エイプリルフールネタに便乗して…


「四季先輩、ちょっとお話があるんですけれども。」
「何かしら○○くん?」
黒色のスーツをビシッと着こなしたいつもクールな先輩が、携帯電話を片手に持って不思議そうな顔をする。
普段の先輩はは勘がとても鋭いので、エイプリルフールなど簡単に見破られてしまうのではないかと心配になるのだが、今日の様子だと大丈夫そうだ。
「実は、商店街のくじ引きで温泉旅行が当たったので、どうかなと思いまして…。」
「えっ、そうなの!」
予想外に驚く先輩。ここまで驚かれると、後でネタばらしをしてがっかりさせるのがちょっと申し訳なくなってしまう。
「そう…じゃあ…」
僕の手を握る先輩。白く細い指が僕の指に絡みつき、思わずドキリとしてしまった。
「ゆーびきーりげんまん、嘘付いたら、地獄におーとす。ゆーび切った!」
「ッウ!」
突如、指先を鋭い痛みが襲う。指の先から腕を通って、脳に渡るような痛みが神経を走る。
「どうしたの、○○くん。」
嬉しそうな顔で僕を見つめる先輩。
「ひょっとして…嘘、ついちゃったんじゃないよね。
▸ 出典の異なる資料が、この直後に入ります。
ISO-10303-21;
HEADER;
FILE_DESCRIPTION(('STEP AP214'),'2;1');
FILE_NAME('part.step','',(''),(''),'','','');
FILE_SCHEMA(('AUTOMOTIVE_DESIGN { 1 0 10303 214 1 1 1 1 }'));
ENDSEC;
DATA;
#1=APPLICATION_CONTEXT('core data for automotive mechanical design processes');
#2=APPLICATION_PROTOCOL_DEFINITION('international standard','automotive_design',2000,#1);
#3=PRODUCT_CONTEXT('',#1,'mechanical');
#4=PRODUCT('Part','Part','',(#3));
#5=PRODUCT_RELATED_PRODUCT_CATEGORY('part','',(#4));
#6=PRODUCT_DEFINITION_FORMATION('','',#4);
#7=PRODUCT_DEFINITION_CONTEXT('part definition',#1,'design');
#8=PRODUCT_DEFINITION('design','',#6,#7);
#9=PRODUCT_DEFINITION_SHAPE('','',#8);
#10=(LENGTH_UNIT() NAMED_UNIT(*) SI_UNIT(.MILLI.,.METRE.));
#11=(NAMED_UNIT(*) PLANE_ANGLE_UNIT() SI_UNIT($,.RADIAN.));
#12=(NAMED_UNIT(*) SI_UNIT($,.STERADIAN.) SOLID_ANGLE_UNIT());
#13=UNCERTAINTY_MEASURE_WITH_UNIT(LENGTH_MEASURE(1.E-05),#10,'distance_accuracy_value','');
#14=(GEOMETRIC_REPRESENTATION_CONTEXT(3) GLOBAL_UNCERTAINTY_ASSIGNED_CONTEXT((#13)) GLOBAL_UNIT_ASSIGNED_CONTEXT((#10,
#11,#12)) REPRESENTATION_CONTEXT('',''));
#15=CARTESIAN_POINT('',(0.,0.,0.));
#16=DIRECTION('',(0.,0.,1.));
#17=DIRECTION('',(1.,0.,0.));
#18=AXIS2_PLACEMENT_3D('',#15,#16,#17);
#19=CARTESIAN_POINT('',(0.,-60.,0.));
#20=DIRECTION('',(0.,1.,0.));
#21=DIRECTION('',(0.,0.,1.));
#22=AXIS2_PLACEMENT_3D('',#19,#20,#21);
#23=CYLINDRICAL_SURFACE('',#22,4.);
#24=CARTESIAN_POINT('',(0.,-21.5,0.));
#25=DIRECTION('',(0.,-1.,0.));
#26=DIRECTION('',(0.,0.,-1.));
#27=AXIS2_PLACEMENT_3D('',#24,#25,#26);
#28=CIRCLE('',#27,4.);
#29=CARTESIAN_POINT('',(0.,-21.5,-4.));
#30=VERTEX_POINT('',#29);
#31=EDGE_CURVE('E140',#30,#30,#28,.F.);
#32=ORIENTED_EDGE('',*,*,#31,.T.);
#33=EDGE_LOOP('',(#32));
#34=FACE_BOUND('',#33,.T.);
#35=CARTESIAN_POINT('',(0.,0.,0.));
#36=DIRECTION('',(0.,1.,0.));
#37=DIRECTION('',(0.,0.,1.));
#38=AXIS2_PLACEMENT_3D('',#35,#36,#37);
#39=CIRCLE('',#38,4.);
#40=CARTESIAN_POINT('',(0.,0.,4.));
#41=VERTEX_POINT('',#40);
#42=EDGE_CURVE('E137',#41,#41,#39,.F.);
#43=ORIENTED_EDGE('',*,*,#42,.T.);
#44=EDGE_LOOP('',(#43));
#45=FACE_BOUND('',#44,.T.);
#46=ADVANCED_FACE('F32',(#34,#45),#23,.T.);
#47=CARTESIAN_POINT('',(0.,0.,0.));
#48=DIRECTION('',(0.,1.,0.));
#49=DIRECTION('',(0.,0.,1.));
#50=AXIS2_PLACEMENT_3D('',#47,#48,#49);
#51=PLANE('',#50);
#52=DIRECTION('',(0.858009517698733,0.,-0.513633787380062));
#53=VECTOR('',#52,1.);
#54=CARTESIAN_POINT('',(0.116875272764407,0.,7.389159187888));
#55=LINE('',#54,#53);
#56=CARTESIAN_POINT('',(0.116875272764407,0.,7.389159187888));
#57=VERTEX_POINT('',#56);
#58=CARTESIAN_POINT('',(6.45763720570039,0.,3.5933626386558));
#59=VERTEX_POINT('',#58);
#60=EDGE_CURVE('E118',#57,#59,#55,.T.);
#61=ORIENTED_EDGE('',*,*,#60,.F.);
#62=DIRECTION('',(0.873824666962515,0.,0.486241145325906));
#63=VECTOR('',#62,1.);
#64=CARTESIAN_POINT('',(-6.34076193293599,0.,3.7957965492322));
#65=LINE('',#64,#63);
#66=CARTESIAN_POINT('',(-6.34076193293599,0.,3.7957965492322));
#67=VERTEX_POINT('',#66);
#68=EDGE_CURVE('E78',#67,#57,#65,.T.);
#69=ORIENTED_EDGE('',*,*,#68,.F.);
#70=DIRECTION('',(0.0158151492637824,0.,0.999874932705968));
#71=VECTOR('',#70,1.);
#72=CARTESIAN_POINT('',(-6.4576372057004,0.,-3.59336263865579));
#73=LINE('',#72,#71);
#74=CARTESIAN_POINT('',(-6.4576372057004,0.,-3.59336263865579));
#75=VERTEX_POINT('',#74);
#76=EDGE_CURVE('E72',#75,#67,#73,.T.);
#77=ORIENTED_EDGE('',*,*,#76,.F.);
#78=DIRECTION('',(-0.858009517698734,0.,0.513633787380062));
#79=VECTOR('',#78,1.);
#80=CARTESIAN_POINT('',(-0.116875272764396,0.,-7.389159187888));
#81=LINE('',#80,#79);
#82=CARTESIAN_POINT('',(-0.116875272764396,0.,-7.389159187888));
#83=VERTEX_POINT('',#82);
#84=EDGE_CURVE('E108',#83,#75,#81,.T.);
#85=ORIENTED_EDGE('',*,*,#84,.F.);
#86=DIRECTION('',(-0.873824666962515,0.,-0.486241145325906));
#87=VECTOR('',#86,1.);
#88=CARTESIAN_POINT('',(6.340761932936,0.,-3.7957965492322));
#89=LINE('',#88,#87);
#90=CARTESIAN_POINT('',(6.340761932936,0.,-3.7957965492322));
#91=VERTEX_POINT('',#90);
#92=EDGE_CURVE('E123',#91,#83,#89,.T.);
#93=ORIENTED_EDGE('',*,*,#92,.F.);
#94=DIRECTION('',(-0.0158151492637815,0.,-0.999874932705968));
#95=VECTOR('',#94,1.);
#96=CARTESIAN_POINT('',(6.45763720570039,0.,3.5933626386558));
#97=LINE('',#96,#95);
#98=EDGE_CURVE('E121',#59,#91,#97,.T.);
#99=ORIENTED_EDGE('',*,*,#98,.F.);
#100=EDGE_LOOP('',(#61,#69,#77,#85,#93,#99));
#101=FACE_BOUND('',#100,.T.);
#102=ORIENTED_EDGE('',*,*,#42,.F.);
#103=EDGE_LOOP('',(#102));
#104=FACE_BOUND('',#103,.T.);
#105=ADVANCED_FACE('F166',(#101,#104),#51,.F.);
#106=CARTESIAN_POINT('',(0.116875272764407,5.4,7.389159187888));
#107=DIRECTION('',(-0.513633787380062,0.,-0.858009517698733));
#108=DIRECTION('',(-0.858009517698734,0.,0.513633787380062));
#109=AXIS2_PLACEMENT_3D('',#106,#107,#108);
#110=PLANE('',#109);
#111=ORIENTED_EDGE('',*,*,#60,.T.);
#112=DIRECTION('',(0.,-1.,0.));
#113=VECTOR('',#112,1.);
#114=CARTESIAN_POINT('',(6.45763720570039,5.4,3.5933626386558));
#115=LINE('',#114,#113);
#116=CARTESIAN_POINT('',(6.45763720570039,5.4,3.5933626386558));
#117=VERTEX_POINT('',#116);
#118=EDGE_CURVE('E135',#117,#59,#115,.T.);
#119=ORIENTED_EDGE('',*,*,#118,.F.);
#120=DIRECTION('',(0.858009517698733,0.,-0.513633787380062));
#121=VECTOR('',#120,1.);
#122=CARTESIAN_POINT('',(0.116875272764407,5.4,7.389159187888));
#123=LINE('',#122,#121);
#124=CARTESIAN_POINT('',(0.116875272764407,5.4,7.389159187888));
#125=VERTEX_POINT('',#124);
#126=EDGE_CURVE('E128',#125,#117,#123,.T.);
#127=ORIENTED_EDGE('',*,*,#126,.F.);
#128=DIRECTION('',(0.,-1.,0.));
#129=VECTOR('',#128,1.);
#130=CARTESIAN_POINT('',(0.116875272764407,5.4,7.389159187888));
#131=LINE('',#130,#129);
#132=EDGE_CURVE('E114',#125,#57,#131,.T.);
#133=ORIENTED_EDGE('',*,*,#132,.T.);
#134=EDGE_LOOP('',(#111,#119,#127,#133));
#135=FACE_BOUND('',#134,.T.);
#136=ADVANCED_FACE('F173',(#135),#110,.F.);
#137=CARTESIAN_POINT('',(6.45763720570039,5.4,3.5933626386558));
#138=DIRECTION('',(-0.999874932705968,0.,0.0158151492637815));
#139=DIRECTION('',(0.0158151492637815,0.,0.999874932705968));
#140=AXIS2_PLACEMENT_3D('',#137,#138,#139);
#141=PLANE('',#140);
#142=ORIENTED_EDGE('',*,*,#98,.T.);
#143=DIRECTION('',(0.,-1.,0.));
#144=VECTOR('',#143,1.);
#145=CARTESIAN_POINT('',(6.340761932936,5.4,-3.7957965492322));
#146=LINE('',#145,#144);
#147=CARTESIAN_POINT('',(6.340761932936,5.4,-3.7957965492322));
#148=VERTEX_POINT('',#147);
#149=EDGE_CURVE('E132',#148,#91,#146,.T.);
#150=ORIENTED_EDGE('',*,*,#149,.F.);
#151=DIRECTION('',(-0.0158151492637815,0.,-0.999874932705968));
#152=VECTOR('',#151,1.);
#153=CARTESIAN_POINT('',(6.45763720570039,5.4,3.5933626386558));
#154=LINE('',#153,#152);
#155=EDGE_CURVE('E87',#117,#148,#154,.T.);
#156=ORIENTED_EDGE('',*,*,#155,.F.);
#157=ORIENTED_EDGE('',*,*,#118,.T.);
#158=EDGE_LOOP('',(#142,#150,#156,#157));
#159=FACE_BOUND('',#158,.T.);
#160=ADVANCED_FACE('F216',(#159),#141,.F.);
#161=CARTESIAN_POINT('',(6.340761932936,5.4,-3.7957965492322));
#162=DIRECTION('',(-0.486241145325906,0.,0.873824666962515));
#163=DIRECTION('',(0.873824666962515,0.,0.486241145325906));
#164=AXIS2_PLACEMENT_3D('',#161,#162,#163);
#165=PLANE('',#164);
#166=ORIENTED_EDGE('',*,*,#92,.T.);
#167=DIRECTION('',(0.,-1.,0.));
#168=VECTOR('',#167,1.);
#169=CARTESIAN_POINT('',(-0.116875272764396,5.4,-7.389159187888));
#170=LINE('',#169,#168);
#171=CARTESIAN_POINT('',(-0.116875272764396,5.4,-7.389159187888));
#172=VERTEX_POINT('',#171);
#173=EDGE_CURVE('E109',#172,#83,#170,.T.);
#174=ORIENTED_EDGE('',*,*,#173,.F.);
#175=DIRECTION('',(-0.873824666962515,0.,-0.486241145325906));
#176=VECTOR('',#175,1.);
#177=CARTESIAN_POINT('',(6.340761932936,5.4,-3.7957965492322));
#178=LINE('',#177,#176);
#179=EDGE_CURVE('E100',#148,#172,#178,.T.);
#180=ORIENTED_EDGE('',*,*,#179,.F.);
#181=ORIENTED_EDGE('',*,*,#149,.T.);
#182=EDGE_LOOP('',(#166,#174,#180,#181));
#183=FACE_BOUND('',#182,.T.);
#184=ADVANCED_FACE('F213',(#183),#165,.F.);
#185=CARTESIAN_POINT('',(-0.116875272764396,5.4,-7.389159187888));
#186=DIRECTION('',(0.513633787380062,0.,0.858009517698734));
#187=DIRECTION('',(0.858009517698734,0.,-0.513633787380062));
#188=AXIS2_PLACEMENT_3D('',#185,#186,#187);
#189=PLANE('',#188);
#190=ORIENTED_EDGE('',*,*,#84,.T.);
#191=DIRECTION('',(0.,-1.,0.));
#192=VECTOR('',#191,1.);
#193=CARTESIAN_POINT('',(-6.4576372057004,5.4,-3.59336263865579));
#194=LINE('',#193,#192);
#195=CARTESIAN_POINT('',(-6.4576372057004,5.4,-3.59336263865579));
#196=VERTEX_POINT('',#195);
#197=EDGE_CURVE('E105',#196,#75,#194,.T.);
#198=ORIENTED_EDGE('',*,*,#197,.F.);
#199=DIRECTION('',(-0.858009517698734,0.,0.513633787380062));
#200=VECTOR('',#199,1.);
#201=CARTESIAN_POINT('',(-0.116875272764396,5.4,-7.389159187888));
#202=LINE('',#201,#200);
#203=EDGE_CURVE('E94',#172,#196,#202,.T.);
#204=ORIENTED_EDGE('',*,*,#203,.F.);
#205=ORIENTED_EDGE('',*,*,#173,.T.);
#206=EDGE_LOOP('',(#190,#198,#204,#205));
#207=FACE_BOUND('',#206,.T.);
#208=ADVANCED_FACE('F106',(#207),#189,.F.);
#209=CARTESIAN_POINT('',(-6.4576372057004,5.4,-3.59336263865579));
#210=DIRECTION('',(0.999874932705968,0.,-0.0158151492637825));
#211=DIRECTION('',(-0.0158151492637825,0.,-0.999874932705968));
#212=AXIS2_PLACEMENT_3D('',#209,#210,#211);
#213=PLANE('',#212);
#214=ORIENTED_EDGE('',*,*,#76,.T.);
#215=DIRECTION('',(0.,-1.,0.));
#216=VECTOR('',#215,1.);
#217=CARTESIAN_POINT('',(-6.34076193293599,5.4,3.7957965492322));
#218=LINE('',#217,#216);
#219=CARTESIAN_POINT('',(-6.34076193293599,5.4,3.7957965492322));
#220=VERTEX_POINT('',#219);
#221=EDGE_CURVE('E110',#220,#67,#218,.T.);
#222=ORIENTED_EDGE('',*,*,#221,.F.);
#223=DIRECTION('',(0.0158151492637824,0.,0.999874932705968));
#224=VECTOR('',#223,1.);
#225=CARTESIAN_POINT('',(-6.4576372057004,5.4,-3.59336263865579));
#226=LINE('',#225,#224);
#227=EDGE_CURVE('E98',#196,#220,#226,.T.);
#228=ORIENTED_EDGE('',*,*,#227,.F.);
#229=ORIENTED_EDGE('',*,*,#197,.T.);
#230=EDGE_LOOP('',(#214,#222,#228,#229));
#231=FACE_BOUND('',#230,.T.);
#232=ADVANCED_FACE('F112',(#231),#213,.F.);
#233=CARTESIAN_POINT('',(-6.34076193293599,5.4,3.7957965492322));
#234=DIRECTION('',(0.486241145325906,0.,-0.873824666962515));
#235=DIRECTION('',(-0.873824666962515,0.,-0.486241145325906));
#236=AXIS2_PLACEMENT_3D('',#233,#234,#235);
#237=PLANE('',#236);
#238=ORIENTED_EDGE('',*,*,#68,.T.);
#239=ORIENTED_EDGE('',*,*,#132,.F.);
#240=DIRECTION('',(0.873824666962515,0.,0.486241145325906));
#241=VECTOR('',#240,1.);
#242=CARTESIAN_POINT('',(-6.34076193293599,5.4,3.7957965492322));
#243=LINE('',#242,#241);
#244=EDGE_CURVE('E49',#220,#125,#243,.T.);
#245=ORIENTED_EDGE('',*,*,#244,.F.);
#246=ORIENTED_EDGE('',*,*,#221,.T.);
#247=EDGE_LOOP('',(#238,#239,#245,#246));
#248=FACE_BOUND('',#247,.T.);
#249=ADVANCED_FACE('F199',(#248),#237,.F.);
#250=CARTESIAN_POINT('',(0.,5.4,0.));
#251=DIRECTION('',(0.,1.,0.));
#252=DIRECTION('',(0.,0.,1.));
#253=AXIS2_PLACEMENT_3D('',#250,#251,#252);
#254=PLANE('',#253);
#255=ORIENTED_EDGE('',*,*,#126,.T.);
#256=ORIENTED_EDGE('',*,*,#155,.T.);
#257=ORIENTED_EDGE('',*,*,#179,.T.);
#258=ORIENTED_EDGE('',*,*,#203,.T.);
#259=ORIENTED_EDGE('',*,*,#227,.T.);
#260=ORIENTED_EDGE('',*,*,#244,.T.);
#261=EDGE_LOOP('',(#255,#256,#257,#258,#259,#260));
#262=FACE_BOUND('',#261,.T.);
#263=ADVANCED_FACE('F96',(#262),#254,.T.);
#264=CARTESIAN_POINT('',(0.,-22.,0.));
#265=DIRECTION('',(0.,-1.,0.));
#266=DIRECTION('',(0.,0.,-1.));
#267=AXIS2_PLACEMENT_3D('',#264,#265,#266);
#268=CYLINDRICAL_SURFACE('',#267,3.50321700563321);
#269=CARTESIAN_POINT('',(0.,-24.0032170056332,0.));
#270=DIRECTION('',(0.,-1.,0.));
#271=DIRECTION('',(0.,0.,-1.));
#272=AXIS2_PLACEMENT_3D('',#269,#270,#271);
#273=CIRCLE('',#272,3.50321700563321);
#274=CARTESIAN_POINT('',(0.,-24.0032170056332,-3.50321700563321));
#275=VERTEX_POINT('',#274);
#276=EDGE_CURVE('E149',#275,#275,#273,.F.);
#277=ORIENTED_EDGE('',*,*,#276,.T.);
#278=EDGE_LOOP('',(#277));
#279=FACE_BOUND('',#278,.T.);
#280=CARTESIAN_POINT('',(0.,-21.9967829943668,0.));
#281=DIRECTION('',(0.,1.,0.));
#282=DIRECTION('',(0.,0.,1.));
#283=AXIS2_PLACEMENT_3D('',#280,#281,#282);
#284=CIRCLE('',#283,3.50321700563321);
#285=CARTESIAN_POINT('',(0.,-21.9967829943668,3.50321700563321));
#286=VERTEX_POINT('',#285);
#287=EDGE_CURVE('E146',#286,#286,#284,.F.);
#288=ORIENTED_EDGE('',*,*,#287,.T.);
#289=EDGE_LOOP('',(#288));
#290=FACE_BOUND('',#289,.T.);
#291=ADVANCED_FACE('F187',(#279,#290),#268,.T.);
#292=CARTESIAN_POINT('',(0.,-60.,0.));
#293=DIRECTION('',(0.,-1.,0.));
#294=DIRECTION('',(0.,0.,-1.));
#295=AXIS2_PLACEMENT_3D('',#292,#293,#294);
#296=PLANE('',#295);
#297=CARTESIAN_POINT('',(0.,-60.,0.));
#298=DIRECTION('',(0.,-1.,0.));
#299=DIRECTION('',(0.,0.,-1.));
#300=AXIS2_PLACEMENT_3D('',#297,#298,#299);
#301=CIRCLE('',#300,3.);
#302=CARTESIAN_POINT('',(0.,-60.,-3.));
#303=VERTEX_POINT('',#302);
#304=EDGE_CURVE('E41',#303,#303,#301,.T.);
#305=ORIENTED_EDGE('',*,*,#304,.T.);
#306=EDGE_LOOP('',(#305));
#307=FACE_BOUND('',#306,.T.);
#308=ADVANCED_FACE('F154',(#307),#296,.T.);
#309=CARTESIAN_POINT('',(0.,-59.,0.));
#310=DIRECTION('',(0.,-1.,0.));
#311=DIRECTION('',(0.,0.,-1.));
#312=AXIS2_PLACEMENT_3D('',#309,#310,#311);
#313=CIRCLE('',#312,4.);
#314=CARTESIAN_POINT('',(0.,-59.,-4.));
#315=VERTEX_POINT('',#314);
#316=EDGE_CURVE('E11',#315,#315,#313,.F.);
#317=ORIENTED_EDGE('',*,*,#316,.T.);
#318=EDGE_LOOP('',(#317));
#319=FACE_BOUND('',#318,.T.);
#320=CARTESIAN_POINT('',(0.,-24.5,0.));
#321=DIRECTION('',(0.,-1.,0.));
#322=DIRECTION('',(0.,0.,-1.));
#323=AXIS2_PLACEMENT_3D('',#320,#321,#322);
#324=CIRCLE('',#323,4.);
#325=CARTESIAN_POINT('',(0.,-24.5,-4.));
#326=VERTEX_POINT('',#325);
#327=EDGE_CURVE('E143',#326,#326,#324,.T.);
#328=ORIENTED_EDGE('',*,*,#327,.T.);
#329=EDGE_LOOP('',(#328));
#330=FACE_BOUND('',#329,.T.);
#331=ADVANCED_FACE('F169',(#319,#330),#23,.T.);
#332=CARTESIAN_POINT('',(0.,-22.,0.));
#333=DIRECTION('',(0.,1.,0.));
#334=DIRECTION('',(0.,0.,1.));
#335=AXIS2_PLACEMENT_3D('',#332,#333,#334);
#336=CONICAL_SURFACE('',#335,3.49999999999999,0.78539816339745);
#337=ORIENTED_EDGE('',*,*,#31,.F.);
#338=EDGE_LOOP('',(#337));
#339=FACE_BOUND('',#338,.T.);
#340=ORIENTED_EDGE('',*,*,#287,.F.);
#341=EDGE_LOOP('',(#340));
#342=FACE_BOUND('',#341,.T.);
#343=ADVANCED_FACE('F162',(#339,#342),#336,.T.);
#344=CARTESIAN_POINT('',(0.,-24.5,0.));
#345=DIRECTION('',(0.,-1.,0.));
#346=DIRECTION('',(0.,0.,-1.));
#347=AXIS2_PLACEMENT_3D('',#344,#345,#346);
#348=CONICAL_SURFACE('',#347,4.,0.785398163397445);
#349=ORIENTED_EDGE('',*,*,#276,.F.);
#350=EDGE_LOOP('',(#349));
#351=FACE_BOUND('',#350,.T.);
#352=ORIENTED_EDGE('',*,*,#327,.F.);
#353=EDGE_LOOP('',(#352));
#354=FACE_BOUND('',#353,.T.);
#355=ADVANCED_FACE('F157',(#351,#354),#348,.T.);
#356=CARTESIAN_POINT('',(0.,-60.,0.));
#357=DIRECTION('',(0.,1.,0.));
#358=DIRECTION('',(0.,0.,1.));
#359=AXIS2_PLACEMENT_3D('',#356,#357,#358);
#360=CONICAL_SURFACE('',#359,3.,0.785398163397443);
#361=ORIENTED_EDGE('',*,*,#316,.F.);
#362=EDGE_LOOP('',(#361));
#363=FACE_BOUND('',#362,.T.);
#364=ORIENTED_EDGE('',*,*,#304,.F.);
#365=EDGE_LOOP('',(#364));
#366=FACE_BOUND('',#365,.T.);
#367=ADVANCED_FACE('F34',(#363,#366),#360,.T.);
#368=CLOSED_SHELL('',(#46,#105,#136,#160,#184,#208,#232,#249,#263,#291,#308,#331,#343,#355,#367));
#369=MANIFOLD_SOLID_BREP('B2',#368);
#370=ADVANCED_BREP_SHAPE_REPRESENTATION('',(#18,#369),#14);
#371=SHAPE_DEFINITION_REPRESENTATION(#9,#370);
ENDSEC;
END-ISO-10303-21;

」
クールな美人によく似合うと評判のいつもの声であるが、何かが違う。まるで心の奥で僕をとらえて離さないように、
先輩は笑顔の筈なのに先輩の目の奥は笑っていない。
「も、もちろんですよ…ヘヘッ」
痛みで脂汗を流しながらも、無理やり笑いながら嘘を取り繕う。
「そう…。」
先輩は僕の耳元に顔を近づけて小声で言った。
「私、温泉は箱根辺りがいいな。丁度お泊まりで行けるし。」
-じゃあね-と言い残して去って行く先輩の後ろ姿を、僕はただ見つめていた。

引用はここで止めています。